While he’s pleased with the results, Van De Berg said he can’t take credit.
“It’s something I learned from some other guys in Rock County,” he said. “There’s a network of us, and we learn from each other.”
 
Animal care
Van De Berg said he’s also eager to show how well cared for his cattle are.
“You hear about animal abuse and big corporate farms … I’ve got cattle in every pen where I pet their ears in the morning,” he said.
“They’re such a part of my life that you’re with them all the time and walking pens, and when it’s bad weather — too hot or too cold — I’m spending the majority of my time with the cattle, making sure they’re comfortable.”
While he and his wife, Melissa, have invested heavily in their cattle operation, they’re raising their three young children in a modest home on the acreage.
“My wife will joke that we built a mansion for our cattle, and we don’t live in a mansion ourselves,” he said. “I would like to get the point across, how much we care for our animals.”
 
Fifteen tour buses,
eight ‘innovative’ stops
Other stops on the July 13 Summer Beef Tour include:
•Binford Feedlots (Grant and Eric Binford), northeast of Luverne, features bedded barns, slatted barns and modern feed commodity facilities.

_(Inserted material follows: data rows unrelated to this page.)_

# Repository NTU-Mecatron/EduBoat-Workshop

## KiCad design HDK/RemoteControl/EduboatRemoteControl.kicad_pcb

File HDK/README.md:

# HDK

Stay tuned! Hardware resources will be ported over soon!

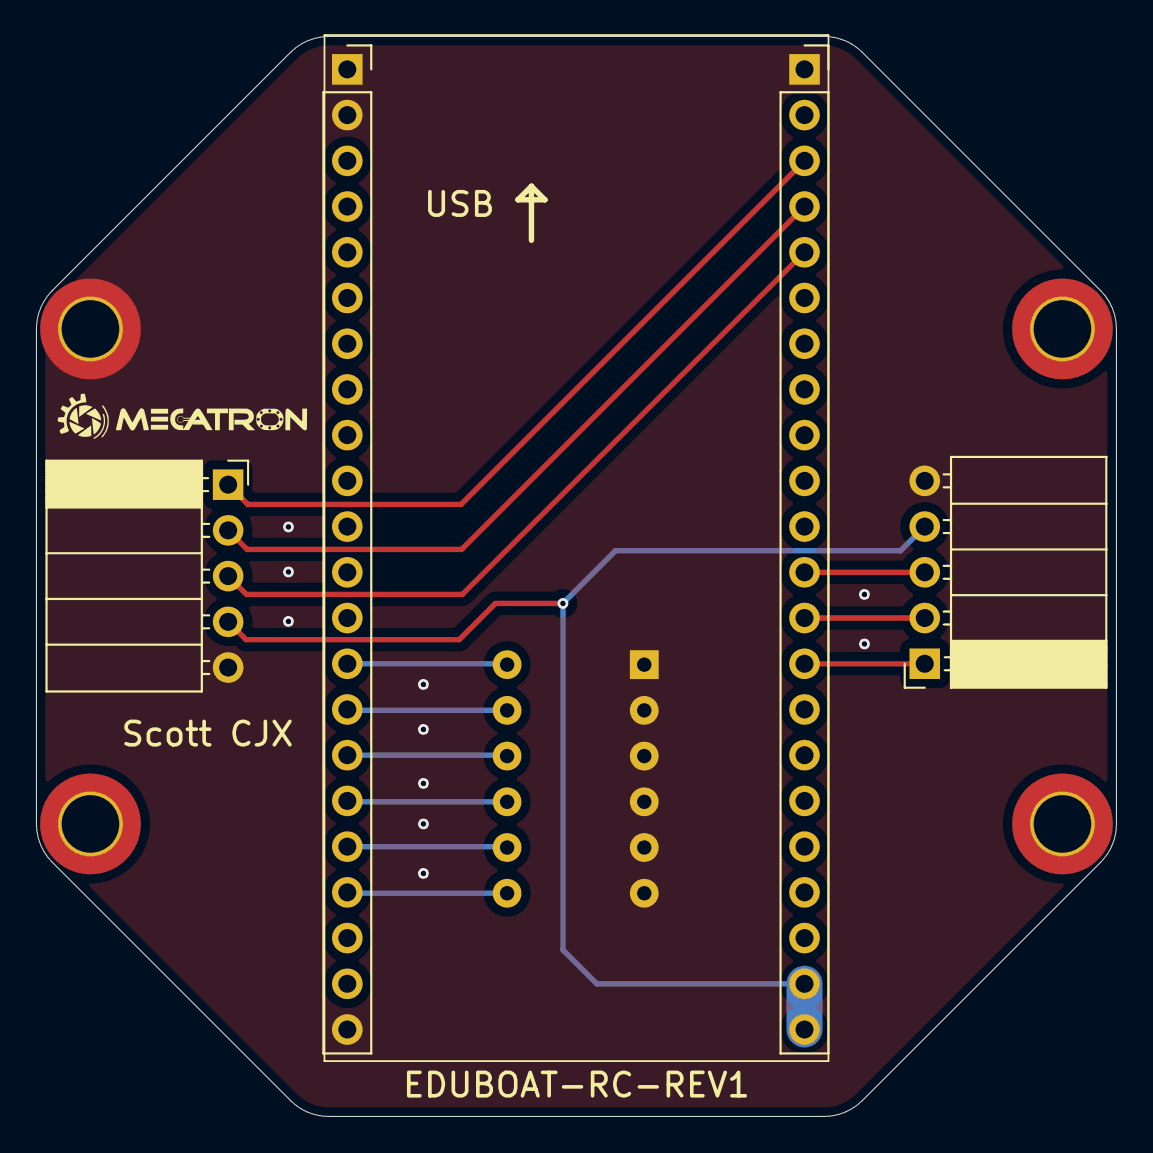
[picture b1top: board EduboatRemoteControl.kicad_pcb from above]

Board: 2 copper layers, 60.0 x 60.0 mm, 9 parts (1 on the bottom side), 14 nets.

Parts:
H101, H102, H103, H104: MountingHole_Pad; MountingHole_3.2mm_M3_DIN965_Pad_TopBottom
J101: ESP32-L; PinSocket_1x22_P2.54mm_Vertical
J102: ESP32-R; PinSocket_1x22_P2.54mm_Vertical
J103, J104: Conn_01x05; PinSocket_1x05_P2.54mm_Horizontal
SW101: SW_DIP_x06; SW_DIP_SPSTx06_Slide_9.78x17.42mm_W7.62mm_P2.54mm

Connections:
+3V3: J102.21, J102.22, J103.4, J104.4
/CHNL-SEL-B0: J101.14, SW101.12
/CHNL-SEL-B1: J101.15, SW101.11
/CHNL-SEL-B2: J101.16, SW101.10
/CHNL-SEL-B3: J101.17, SW101.9
/CHNL-SEL-B4: J101.18, SW101.8
/CHNL-SEL-B5: J101.19, SW101.7
/GP12: J102.5, J103.3
/GP13: J102.4, J103.2
/GP14: J102.3, J103.1
/GP16: J102.14, J104.1
/GP17: J102.13, J104.2
/GP18: J102.12, J104.3
GND: H101.1, J101.1, J101.2, J101.22, J102.1, J103.5, J104.5, SW101.1, SW101.2, SW101.3, SW101.4, SW101.5, SW101.6

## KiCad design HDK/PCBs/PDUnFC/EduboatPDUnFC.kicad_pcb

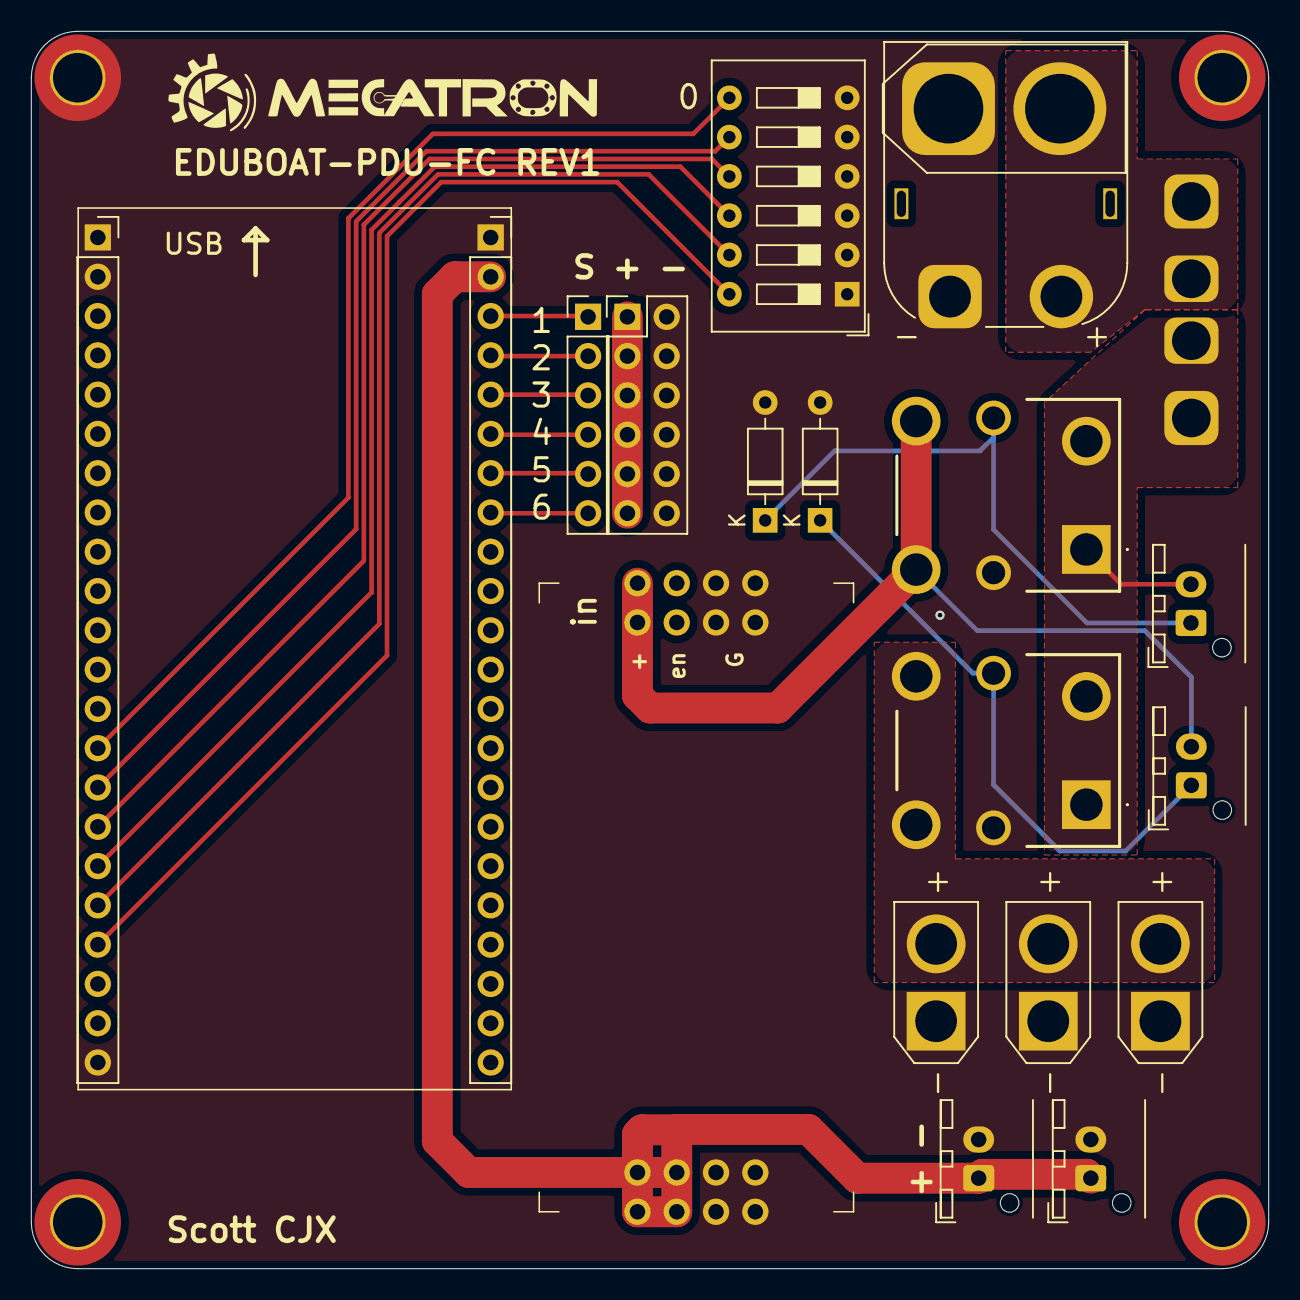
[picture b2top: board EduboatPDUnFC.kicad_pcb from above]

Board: 2 copper layers, 80.0 x 80.0 mm, 24 parts (0 on the bottom side), 22 nets.

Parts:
D101, D102: D; D_DO-35_SOD27_P7.62mm_Horizontal
F101: Fuse; FUSE-MCCQ-121
H101, H102, H103, H104: MountingHole_Pad; MountingHole_3.2mm_M3_DIN965_Pad_TopBottom
J101: ESP32-L; PinSocket_1x22_P2.54mm_Vertical
J102: ESP32-R; PinSocket_1x22_P2.54mm_Vertical
J103: Batt; AMASS_XT60PW-M_1x02_P7.20mm_Horizontal
J104, J107, J110, J113: Conn_PWR; JST_XH_B2B-XH-AM_1x02_P2.50mm_Vertical
J105, J106, J108: Conn_PWR; AMASS_XT30U-M_1x02_P5.0mm_Vertical
J109: Batt; AMASS_XT60-M_1x02_P7.20mm_Vertical
J111: PWM; PinHeader_1x06_P2.54mm_Vertical
J112: PWM; PinHeader_2x06_P2.54mm_Vertical
K101, K102: Relay_SPST-NO; G8PM1AW7RDC12
SW101: SW_DIP_x06; SW_DIP_SPSTx06_Slide_9.78x17.42mm_W7.62mm_P2.54mm
U101: TPS5460 康威科技

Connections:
+3V3: J102.21, J102.22
+5V: J102.2, J110.+ (Pin_1), J113.+ (Pin_1), U101.2 (V_{OUT})
+BATT: F101.1, J103.+ (Pin_1), J109.+ (Pin_1)
/CHNL-SEL-B0: J101.14, SW101.7
/CHNL-SEL-B1: J101.15, SW101.8
/CHNL-SEL-B2: J101.16, SW101.9
/CHNL-SEL-B3: J101.17, SW101.10
/CHNL-SEL-B4: J101.18, SW101.11
/CHNL-SEL-B5: J101.19, SW101.12
/PWM-01: J102.3, J111.1
/PWM-02: J102.4, J111.2
/PWM-03: J102.5, J111.3
/PWM-04: J102.6, J111.4
/PWM-05: J102.7, J111.5
/PWM-06: J102.8, J111.6
GND: D101.2 (A), D102.2 (A), H101.1, J101.1, J101.2, J101.22, J102.1, J103.- (Pin_2), J105.- (Pin_2), J106.- (Pin_2), J108.- (Pin_2), J109.- (Pin_2), J110.- (Pin_2), J112.2, J112.4, J112.6, J112.8, J112.10, J112.12, J113.- (Pin_2), K101.A2, K102.A2, SW101.1, SW101.2, SW101.3, SW101.4, SW101.5, SW101.6, U101.G (GND)
unnamed: D101.1 (K), J104.+ (Pin_1), K101.A1
unnamed: D102.1 (K), J107.+ (Pin_1), K102.A1
V_{Fused}: F101.2, J104.- (Pin_2), K101.14, K102.14
V_{HV-BUCK}: J112.1, J112.3, J112.5, J112.7, J112.9, J112.11
V_{HV}: J105.+ (Pin_1), J106.+ (Pin_1), J108.+ (Pin_1), K102.13
V_{LV}: J107.- (Pin_2), K101.13, U101.1 (V_{IN})

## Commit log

2025-05-01 working v1
2025-05-01 added timeout for boat
2025-05-21 update servo offset
2025-05-21 updated dip switch fix
2025-05-21 added esc pwm tester
2025-05-21 updated code
2025-08-02 refactored
2025-08-02 updated docs
2025-08-02 updated sw
2025-08-02 added HDK
2025-08-03 updated docs & refactored
2025-08-03 added pio compile
2025-08-03 fixed name

•G&A Farms (Glen and Matt Boeve), Steen, features outdoor lots and a unique wastewater handling system with dewatering and pivot irrigation.
•Dave Mente, Adrian, features the tour’s only cow/calf operation. It will highlight rotational grazing and local seed stock display to illustrate genetics of breeding bulls.
•R&R Thier (Ryan Thier), Rushmore, features outdoor yards and bedded and slatted barns.
•Summit Lake Livestock (Russ and Brian Penning), Wilmont, features a unique hog-finishing barn converted into cattle slat facilities.
•Brake Feedyards, Wilmont, is a multi-generational Brake family feedlot operation
•3B Farms, Adrian, is a multi-generational Bullerman family slatted barn feedlot operation.
Fifteen tour buses will depart at 7 a.m. from headquarters at the ice arena in Worthington to the farms, where they will spend about an hour talking to the producers and viewing the facilities.
The event is for anyone who wants to board a bus and view the local operations, according to Jay Bakken, Beaver Creek, president of the Rock Nobles Cattlemen’s Association.
“It’s open to anyone, from fellow farmers to the local priest and hairdresser,” Bakken said. “You don’t have to be a farmer or involved in the beef industry to attend.”
On the way to each stop, video footage from each farm is broadcast on the tour buses.
“We have a lot of producers doing innovative things here,” Bakken said, “and we’re going to see top-notch feedlot production enterprises in this part of the state.”
All buses will stop at the Magnolia New Vision facility for a noon meal, and then return to the ice arena in Worthington at 5:15 p.m. for an evening steak supper.